58 yrs. old. Don't let that fool you, I ran my last Marathon 6 months ago. Age is just a number and a bunch of sore muscles.


----------



## Mark L (Sep 23, 2014)

Thanks. ordering it right now


----------



## mpre53 (Oct 25, 2011)

Focus on the things that protect your knees, too. Proper seat height/position, foot placement on the pedals (clipless and correct cleat placement, and pedals/cleats with float, will help), and using cadence instead of mashing too high a gear. Done the right way, cycling places almost no stress on your knees. I know several riders who've had double full knee replacements.


----------



## Mark L (Sep 23, 2014)

Thank you. Great advice


----------



## David Loving (Jun 13, 2008)

"You're only as old as you are." When working on bike fit, be particularly attentive to the correct saddle. You're going to be on it a lot.


----------



## oily666 (Apr 7, 2007)

Mark L said:


> 58 yrs. old. Don't let that fool you, I ran my last Marathon 6 months ago. Age is just a number and a bunch of sore muscles.

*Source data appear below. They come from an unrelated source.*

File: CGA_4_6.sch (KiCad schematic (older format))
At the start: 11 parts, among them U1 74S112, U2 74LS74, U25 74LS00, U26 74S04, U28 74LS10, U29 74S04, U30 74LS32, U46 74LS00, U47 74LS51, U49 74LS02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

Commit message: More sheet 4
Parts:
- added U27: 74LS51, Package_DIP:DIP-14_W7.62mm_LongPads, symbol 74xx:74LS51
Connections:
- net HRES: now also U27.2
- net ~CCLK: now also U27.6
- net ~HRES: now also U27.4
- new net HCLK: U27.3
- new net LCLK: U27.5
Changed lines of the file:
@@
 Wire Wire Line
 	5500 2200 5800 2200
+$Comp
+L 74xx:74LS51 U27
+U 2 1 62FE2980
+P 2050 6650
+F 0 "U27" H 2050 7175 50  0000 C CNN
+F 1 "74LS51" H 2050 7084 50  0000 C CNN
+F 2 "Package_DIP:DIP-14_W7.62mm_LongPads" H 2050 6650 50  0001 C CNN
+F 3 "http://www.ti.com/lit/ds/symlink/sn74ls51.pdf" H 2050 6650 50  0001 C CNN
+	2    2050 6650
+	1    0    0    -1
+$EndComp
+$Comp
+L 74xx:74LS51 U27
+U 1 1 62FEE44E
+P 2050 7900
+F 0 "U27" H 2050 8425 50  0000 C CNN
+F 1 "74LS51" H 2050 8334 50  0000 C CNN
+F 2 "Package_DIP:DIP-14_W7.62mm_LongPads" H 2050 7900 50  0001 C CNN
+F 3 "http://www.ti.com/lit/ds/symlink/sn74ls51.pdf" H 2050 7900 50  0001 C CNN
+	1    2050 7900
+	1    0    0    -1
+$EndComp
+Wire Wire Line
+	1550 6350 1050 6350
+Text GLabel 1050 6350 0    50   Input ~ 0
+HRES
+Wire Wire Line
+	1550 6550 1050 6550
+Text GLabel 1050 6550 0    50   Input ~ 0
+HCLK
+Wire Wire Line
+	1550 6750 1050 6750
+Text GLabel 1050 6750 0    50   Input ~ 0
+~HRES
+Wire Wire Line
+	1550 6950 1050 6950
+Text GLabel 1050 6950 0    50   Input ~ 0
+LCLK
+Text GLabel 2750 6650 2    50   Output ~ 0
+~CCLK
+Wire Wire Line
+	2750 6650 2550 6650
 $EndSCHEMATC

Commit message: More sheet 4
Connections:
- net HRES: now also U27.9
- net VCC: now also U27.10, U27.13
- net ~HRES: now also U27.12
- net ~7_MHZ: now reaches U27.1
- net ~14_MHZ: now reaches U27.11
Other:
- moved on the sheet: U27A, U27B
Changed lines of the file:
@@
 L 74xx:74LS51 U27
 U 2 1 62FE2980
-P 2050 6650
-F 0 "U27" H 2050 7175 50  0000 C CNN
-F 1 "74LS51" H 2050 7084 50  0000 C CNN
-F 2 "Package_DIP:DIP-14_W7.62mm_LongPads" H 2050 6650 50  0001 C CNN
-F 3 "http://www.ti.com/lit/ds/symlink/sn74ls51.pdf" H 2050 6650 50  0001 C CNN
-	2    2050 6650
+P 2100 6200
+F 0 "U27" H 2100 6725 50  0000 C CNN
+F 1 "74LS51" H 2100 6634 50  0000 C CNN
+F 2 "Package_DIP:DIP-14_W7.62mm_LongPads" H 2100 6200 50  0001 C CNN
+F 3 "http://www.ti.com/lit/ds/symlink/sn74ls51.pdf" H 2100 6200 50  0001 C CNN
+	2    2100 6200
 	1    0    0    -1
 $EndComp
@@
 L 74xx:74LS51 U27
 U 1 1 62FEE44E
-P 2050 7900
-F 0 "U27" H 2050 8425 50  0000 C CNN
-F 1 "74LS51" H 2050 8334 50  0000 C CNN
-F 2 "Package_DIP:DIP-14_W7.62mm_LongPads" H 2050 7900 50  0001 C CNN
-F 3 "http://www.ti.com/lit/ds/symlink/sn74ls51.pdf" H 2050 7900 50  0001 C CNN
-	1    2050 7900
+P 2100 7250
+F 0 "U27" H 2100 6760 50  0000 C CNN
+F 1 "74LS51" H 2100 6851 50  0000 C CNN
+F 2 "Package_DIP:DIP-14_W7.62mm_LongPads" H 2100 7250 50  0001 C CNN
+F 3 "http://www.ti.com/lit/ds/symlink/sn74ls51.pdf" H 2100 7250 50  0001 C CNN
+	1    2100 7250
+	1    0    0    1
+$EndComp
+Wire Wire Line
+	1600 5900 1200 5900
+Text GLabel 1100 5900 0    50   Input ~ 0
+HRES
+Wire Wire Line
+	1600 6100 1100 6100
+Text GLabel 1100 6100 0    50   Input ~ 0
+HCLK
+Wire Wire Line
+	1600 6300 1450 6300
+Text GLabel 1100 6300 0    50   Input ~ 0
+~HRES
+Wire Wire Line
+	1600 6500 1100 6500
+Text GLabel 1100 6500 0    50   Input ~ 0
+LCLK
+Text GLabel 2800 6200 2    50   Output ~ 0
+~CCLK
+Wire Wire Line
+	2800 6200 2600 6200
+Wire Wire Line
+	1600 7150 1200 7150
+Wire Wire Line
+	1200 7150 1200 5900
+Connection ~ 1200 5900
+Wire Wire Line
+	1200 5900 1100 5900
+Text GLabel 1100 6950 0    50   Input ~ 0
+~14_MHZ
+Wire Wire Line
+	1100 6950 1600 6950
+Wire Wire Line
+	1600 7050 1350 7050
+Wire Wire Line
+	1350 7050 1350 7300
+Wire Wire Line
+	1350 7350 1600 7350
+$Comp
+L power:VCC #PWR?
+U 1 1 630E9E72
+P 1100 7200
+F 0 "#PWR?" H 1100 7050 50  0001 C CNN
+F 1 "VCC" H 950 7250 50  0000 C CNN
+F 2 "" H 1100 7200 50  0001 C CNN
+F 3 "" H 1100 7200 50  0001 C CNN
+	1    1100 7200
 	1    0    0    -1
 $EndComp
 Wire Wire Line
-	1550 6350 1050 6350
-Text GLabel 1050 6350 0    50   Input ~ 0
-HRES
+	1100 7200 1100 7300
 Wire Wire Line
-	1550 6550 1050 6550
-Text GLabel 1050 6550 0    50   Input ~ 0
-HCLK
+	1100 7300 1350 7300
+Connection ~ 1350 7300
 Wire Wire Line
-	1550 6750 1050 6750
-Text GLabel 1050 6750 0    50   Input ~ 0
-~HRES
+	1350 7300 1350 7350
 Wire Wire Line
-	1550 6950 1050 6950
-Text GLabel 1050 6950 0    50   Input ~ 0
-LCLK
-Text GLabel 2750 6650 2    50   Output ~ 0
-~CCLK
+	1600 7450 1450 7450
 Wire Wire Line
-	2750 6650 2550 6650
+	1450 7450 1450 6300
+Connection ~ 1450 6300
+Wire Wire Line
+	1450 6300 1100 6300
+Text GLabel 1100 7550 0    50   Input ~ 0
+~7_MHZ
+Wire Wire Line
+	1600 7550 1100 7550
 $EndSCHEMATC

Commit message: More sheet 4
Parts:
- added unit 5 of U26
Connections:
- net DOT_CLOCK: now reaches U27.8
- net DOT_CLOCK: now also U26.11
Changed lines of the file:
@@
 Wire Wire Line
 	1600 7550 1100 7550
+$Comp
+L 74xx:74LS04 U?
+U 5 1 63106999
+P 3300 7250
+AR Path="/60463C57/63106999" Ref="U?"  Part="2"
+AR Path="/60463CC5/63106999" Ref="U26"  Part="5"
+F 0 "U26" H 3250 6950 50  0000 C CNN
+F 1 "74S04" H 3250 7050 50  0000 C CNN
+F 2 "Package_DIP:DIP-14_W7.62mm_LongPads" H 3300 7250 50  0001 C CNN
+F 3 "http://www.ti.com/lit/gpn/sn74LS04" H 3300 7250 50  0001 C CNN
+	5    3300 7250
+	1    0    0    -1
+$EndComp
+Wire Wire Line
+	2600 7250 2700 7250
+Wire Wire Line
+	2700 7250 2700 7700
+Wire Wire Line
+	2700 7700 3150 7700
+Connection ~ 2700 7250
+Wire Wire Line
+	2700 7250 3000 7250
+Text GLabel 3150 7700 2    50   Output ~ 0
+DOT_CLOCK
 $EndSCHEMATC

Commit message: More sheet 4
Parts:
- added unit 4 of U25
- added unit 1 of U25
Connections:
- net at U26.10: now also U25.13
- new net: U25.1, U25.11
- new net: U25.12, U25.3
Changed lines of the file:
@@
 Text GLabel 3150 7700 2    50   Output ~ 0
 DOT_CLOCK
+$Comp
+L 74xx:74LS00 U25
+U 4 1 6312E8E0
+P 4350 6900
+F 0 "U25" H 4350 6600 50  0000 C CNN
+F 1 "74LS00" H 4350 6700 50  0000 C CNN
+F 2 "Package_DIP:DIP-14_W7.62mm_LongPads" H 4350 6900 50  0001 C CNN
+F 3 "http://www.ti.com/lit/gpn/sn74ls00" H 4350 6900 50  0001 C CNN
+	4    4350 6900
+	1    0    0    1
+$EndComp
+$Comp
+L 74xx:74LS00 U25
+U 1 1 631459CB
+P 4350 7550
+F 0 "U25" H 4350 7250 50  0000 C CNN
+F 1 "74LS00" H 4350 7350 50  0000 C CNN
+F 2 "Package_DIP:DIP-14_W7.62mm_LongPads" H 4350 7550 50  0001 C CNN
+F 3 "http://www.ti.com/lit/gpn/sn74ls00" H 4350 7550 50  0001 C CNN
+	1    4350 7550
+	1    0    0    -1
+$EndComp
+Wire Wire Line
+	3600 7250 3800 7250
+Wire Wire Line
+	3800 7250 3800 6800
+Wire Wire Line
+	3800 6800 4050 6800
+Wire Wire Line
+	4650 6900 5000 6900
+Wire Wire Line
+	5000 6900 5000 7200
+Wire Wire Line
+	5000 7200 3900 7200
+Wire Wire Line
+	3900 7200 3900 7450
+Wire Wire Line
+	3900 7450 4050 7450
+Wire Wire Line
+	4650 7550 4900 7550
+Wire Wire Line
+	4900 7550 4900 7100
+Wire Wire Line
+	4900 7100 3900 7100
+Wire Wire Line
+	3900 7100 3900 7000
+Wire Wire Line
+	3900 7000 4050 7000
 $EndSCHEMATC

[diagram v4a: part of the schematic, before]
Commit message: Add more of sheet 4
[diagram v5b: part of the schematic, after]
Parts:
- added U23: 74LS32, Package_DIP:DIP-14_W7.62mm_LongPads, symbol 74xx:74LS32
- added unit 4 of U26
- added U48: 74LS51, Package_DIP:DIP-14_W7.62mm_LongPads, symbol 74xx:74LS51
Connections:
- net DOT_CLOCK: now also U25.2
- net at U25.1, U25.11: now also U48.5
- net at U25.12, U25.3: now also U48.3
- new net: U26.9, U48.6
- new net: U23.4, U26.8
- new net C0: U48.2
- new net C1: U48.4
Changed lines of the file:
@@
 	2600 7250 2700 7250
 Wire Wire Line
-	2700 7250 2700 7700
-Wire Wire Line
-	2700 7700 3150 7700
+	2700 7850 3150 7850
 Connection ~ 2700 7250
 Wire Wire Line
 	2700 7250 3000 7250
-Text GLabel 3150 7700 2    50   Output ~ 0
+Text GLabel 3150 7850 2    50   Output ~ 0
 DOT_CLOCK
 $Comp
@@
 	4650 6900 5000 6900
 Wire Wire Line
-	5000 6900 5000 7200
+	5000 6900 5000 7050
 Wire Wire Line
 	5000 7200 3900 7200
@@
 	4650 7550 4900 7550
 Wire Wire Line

I did Sebring the first time when I was 58. You'll be fine.


----------



## Srode (Aug 19, 2012)

David Loving said:


> When working on bike fit, be particularly attentive to the correct saddle. You're going to be on it a lot.


exactly - I'm finding as my mileage increases saddle is more and more important and also very dependent on riding position. What worked for me fine with 30-60 mile rides and 150 miles a week in a less agressive position is not working at 220 miles a week and a regular weekend century ride with more time in the drops. Doing lots of demo saddles now. Find a shop with a good selection of demo saddles and try each for a week or more when you get your fit dialed in and mileage up would be my advice if you are going longer distances.


----------



## Mark L (Sep 23, 2014)

Thanks, yup, that's what I plan on. I'm pretty sure I don't know what I'm in for.


----------



## Carverbiker (Mar 6, 2013)

Agree with comments about fit, know that since you are new to cycling your "perfect fit" may change multiple times as you adapt to riding. 

Nutrition/hydration is also going to be very different as a you are going to be spending considerably more time on the road. Another area that requires experimentation to find what works best for you.

Work on bike handling and group riding etiquette this will make you more confident and keep you and everyone else safe.

Start slowly and build up, you seem very enthusiastic and your high degree of fitness could lend itself to going all in early and lead to overuse injuries.

Nothing you can not do but takes time to learn. Good luck!


----------